Корчак просматривает официальную бумагу из дворца Брюля и возвращает ее. Она не вызывает у него особого восторга. Черняков знает, что в приюте Корчака все это время и так работала школа, умело маскируясь под развлекательные мероприятия, лекции, библиотеки, журналы, – все, что могло благополучно пройти нацистскую инспекцию, которая бдительно следила за тем, чтобы юные еврейские умы не получали образования.
– Как ты не понимаешь? Если сейчас нам официально разрешают учить наших детей, значит, нацисты задумываются о будущем гетто. – Черняков снимает очки, чтобы протереть их аккуратно сложенным платком, и пристально смотрит на Корчака испуганными глазами. – Знаю, люди уже сочиняют песни о моем толстом животе, о том, как я любезничаю с немцами. Но кто-то должен это делать, чтобы получить для гетто как можно больше послаблений, чтобы хоть как-то облегчить там жизнь.
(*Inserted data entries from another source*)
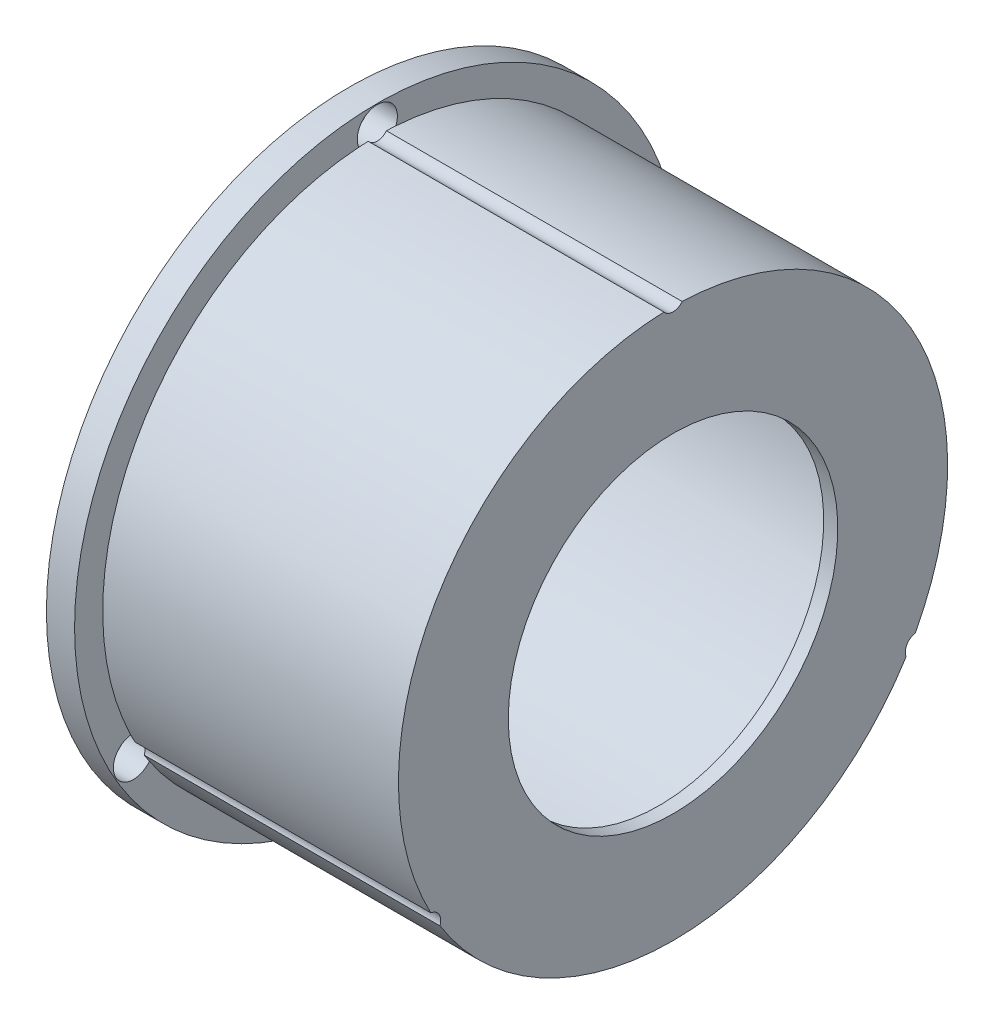
ISO-10303-21;
HEADER;
FILE_DESCRIPTION(('STEP AP214'),'2;1');
FILE_NAME('part.step','',(''),(''),'','','');
FILE_SCHEMA(('AUTOMOTIVE_DESIGN { 1 0 10303 214 1 1 1 1 }'));
ENDSEC;
DATA;
#1=APPLICATION_CONTEXT('core data for automotive mechanical design processes');
#2=APPLICATION_PROTOCOL_DEFINITION('international standard','automotive_design',2000,#1);
#3=PRODUCT_CONTEXT('',#1,'mechanical');
#4=PRODUCT('Part','Part','',(#3));
#5=PRODUCT_RELATED_PRODUCT_CATEGORY('part','',(#4));
#6=PRODUCT_DEFINITION_FORMATION('','',#4);
#7=PRODUCT_DEFINITION_CONTEXT('part definition',#1,'design');
#8=PRODUCT_DEFINITION('design','',#6,#7);
#9=PRODUCT_DEFINITION_SHAPE('','',#8);
#10=(LENGTH_UNIT() NAMED_UNIT(*) SI_UNIT(.MILLI.,.METRE.));
#11=(NAMED_UNIT(*) PLANE_ANGLE_UNIT() SI_UNIT($,.RADIAN.));
#12=(NAMED_UNIT(*) SI_UNIT($,.STERADIAN.) SOLID_ANGLE_UNIT());
#13=UNCERTAINTY_MEASURE_WITH_UNIT(LENGTH_MEASURE(1.E-05),#10,'distance_accuracy_value','');
#14=(GEOMETRIC_REPRESENTATION_CONTEXT(3) GLOBAL_UNCERTAINTY_ASSIGNED_CONTEXT((#13)) GLOBAL_UNIT_ASSIGNED_CONTEXT((#10,
#11,#12)) REPRESENTATION_CONTEXT('',''));
#15=CARTESIAN_POINT('',(0.,0.,0.));
#16=DIRECTION('',(0.,0.,1.));
#17=DIRECTION('',(1.,0.,0.));
#18=AXIS2_PLACEMENT_3D('',#15,#16,#17);
#19=CARTESIAN_POINT('',(-110.,0.,0.));
#20=DIRECTION('',(-1.,0.,0.));
#21=DIRECTION('',(0.,0.,1.));
#22=AXIS2_PLACEMENT_3D('',#19,#20,#21);
#23=CYLINDRICAL_SURFACE('',#22,39.);
#24=DIRECTION('',(-1.,0.,0.));
#25=VECTOR('',#24,1.);
#26=CARTESIAN_POINT('',(90.85,38.9784687500001,-1.29575225458943));
#27=LINE('',#26,#25);
#28=CARTESIAN_POINT('',(181.7,38.97846875,-1.29575225458937));
#29=VERTEX_POINT('',#28);
#30=CARTESIAN_POINT('',(139.7,38.97846875,-1.2957522545894));
#31=VERTEX_POINT('',#30);
#32=EDGE_CURVE('E215',#29,#31,#27,.T.);
#33=ORIENTED_EDGE('',*,*,#32,.F.);
#34=CARTESIAN_POINT('',(181.7,0.,0.));
#35=DIRECTION('',(-1.,0.,0.));
#36=DIRECTION('',(0.,0.,1.));
#37=AXIS2_PLACEMENT_3D('',#34,#35,#36);
#38=CIRCLE('',#37,39.);
#39=CARTESIAN_POINT('',(181.7,-18.3670800055147,-34.4042202654125));
#40=VERTEX_POINT('',#39);
#41=EDGE_CURVE('E166',#29,#40,#38,.T.);
#42=ORIENTED_EDGE('',*,*,#41,.T.);
#43=DIRECTION('',(-1.,0.,0.));
#44=VECTOR('',#43,1.);
#45=CARTESIAN_POINT('',(90.85,-18.3670800055146,-34.4042202654126));
#46=LINE('',#45,#44);
#47=CARTESIAN_POINT('',(139.7,-18.3670800055145,-34.4042202654126));
#48=VERTEX_POINT('',#47);
#49=EDGE_CURVE('E264',#48,#40,#46,.F.);
#50=ORIENTED_EDGE('',*,*,#49,.F.);
#51=CARTESIAN_POINT('',(139.7,0.,0.));
#52=DIRECTION('',(1.,0.,0.));
#53=DIRECTION('',(0.,0.,-1.));
#54=AXIS2_PLACEMENT_3D('',#51,#52,#53);
#55=CIRCLE('',#54,39.);
#56=CARTESIAN_POINT('',(139.7,-17.1746110329679,-35.0147502613721));
#57=VERTEX_POINT('',#56);
#58=EDGE_CURVE('E266',#48,#57,#55,.T.);
#59=ORIENTED_EDGE('',*,*,#58,.T.);
#60=CARTESIAN_POINT('',(139.7,0.,0.));
#61=DIRECTION('',(-1.,0.,0.));
#62=DIRECTION('',(0.,0.,1.));
#63=AXIS2_PLACEMENT_3D('',#60,#61,#62);
#64=CIRCLE('',#63,39.);
#65=CARTESIAN_POINT('',(139.7,38.91096875,-2.63372567601933));
#66=VERTEX_POINT('',#65);
#67=EDGE_CURVE('E157',#66,#57,#64,.T.);
#68=ORIENTED_EDGE('',*,*,#67,.F.);
#69=EDGE_CURVE('E125',#31,#66,#64,.T.);
#70=ORIENTED_EDGE('',*,*,#69,.F.);
#71=EDGE_LOOP('',(#33,#42,#50,#59,#68,#70));
#72=FACE_BOUND('',#71,.T.);
#73=ADVANCED_FACE('F39',(#72),#23,.T.);
#74=DIRECTION('',(-1.,0.,0.));
#75=VECTOR('',#74,1.);
#76=CARTESIAN_POINT('',(90.85,38.9784687500001,1.29575225458943));
#77=LINE('',#76,#75);
#78=CARTESIAN_POINT('',(139.7,38.97846875,1.29575225458954));
#79=VERTEX_POINT('',#78);
#80=CARTESIAN_POINT('',(181.7,38.97846875,1.29575225458937));
#81=VERTEX_POINT('',#80);
#82=EDGE_CURVE('E134',#79,#81,#77,.F.);
#83=ORIENTED_EDGE('',*,*,#82,.F.);
#84=CARTESIAN_POINT('',(139.7,0.,0.));
#85=DIRECTION('',(1.,0.,0.));
#86=DIRECTION('',(0.,0.,-1.));
#87=AXIS2_PLACEMENT_3D('',#84,#85,#86);
#88=CIRCLE('',#87,39.);
#89=CARTESIAN_POINT('',(139.7,38.91096875,2.63372567601933));
#90=VERTEX_POINT('',#89);
#91=EDGE_CURVE('E55',#79,#90,#88,.T.);
#92=ORIENTED_EDGE('',*,*,#91,.T.);
#93=CARTESIAN_POINT('',(139.7,-17.1746110329679,35.0147502613721));
#94=VERTEX_POINT('',#93);
#95=EDGE_CURVE('E132',#94,#90,#64,.T.);
#96=ORIENTED_EDGE('',*,*,#95,.F.);
#97=CARTESIAN_POINT('',(139.7,-18.3670800055146,34.4042202654126));
#98=VERTEX_POINT('',#97);
#99=EDGE_CURVE('E145',#98,#94,#64,.T.);
#100=ORIENTED_EDGE('',*,*,#99,.F.);
#101=DIRECTION('',(-1.,0.,0.));
#102=VECTOR('',#101,1.);
#103=CARTESIAN_POINT('',(90.85,-18.3670800055146,34.4042202654127));
#104=LINE('',#103,#102);
#105=CARTESIAN_POINT('',(181.7,-18.3670800055146,34.4042202654126));
#106=VERTEX_POINT('',#105);
#107=EDGE_CURVE('E206',#106,#98,#104,.T.);
#108=ORIENTED_EDGE('',*,*,#107,.F.);
#109=EDGE_CURVE('E163',#106,#81,#38,.T.);
#110=ORIENTED_EDGE('',*,*,#109,.T.);
#111=EDGE_LOOP('',(#83,#92,#96,#100,#108,#110));
#112=FACE_BOUND('',#111,.T.);
#113=ADVANCED_FACE('F130',(#112),#23,.T.);
#114=DIRECTION('',(-1.,0.,0.));
#115=VECTOR('',#114,1.);
#116=CARTESIAN_POINT('',(90.85,-20.6113887444854,33.1084680108232));
#117=LINE('',#116,#115);
#118=CARTESIAN_POINT('',(139.7,-20.6113887444855,33.1084680108231));
#119=VERTEX_POINT('',#118);
#120=CARTESIAN_POINT('',(181.7,-20.6113887444853,33.1084680108232));
#121=VERTEX_POINT('',#120);
#122=EDGE_CURVE('E211',#119,#121,#117,.F.);
#123=ORIENTED_EDGE('',*,*,#122,.F.);
#124=CARTESIAN_POINT('',(139.7,0.,0.));
#125=DIRECTION('',(1.,0.,0.));
#126=DIRECTION('',(0.,0.,-1.));
#127=AXIS2_PLACEMENT_3D('',#124,#125,#126);
#128=CIRCLE('',#127,39.);
#129=CARTESIAN_POINT('',(139.7,-21.7363577170321,32.3810245853528));
#130=VERTEX_POINT('',#129);
#131=EDGE_CURVE('E136',#119,#130,#128,.T.);
#132=ORIENTED_EDGE('',*,*,#131,.T.);
#133=CARTESIAN_POINT('',(139.7,-21.7363577170321,-32.3810245853528));
#134=VERTEX_POINT('',#133);
#135=EDGE_CURVE('E148',#134,#130,#64,.T.);
#136=ORIENTED_EDGE('',*,*,#135,.F.);
#137=CARTESIAN_POINT('',(139.7,-20.6113887444854,-33.1084680108232));
#138=VERTEX_POINT('',#137);
#139=EDGE_CURVE('E156',#138,#134,#64,.T.);
#140=ORIENTED_EDGE('',*,*,#139,.F.);
#141=DIRECTION('',(-1.,0.,0.));
#142=VECTOR('',#141,1.);
#143=CARTESIAN_POINT('',(90.85,-20.6113887444855,-33.1084680108232));
#144=LINE('',#143,#142);
#145=CARTESIAN_POINT('',(181.7,-20.6113887444854,-33.1084680108232));
#146=VERTEX_POINT('',#145);
#147=EDGE_CURVE('E217',#146,#138,#144,.T.);
#148=ORIENTED_EDGE('',*,*,#147,.F.);
#149=EDGE_CURVE('E165',#146,#121,#38,.T.);
#150=ORIENTED_EDGE('',*,*,#149,.T.);
#151=EDGE_LOOP('',(#123,#132,#136,#140,#148,#150));
#152=FACE_BOUND('',#151,.T.);
#153=ADVANCED_FACE('F245',(#152),#23,.T.);
#154=CARTESIAN_POINT('',(135.7,43.,0.));
#155=DIRECTION('',(1.,0.,0.));
#156=DIRECTION('',(0.,0.,-1.));
#157=AXIS2_PLACEMENT_3D('',#154,#155,#156);
#158=PLANE('',#157);
#159=CARTESIAN_POINT('',(135.7,40.,0.));
#160=DIRECTION('',(1.,0.,0.));
#161=DIRECTION('',(0.,0.,-1.));
#162=AXIS2_PLACEMENT_3D('',#159,#160,#161);
#163=CIRCLE('',#162,2.85);
#164=CARTESIAN_POINT('',(135.7,40.,-2.85));
#165=VERTEX_POINT('',#164);
#166=EDGE_CURVE('E121',#165,#165,#163,.T.);
#167=ORIENTED_EDGE('',*,*,#166,.T.);
#168=EDGE_LOOP('',(#167));
#169=FACE_BOUND('',#168,.T.);
#170=CARTESIAN_POINT('',(135.7,-20.,34.6410161513775));
#171=DIRECTION('',(1.,0.,0.));
#172=DIRECTION('',(0.,0.,-1.));
#173=AXIS2_PLACEMENT_3D('',#170,#171,#172);
#174=CIRCLE('',#173,2.85);
#175=CARTESIAN_POINT('',(135.7,-20.,31.7910161513775));
#176=VERTEX_POINT('',#175);
#177=EDGE_CURVE('E287',#176,#176,#174,.T.);
#178=ORIENTED_EDGE('',*,*,#177,.T.);
#179=EDGE_LOOP('',(#178));
#180=FACE_BOUND('',#179,.T.);
#181=CARTESIAN_POINT('',(135.7,-20.,-34.6410161513775));
#182=DIRECTION('',(1.,0.,0.));
#183=DIRECTION('',(0.,0.,-1.));
#184=AXIS2_PLACEMENT_3D('',#181,#182,#183);
#185=CIRCLE('',#184,2.85);
#186=CARTESIAN_POINT('',(135.7,-20.,-37.4910161513775));
#187=VERTEX_POINT('',#186);
#188=EDGE_CURVE('E290',#187,#187,#185,.T.);
#189=ORIENTED_EDGE('',*,*,#188,.T.);
#190=EDGE_LOOP('',(#189));
#191=FACE_BOUND('',#190,.T.);
#192=CARTESIAN_POINT('',(135.7,0.,0.));
#193=DIRECTION('',(-1.,0.,0.));
#194=DIRECTION('',(0.,0.,1.));
#195=AXIS2_PLACEMENT_3D('',#192,#193,#194);
#196=CIRCLE('',#195,36.4);
#197=CARTESIAN_POINT('',(135.7,0.,36.4));
#198=VERTEX_POINT('',#197);
#199=EDGE_CURVE('E191',#198,#198,#196,.T.);
#200=ORIENTED_EDGE('',*,*,#199,.F.);
#201=EDGE_LOOP('',(#200));
#202=FACE_BOUND('',#201,.T.);
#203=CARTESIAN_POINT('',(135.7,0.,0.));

– Друг мой, если бы ты отказался от этого поста, они просто расстреляли бы тебя и назначили кого-нибудь другого. Да еще такого, которому было бы наплевать на судьбы людей.
– Я стараюсь. Требую улучшить условия. Чаще всего получаю отказ, но все, что я могу – пытаться снова и снова.
Он подходит к бюро, берет из стопки небольшой квадратик бумаги, насыпает на него порошок от головной боли, складывает бумагу конусом и проглатывает лекарство, запивая водой. Черняков постоянно страдает от мигрени.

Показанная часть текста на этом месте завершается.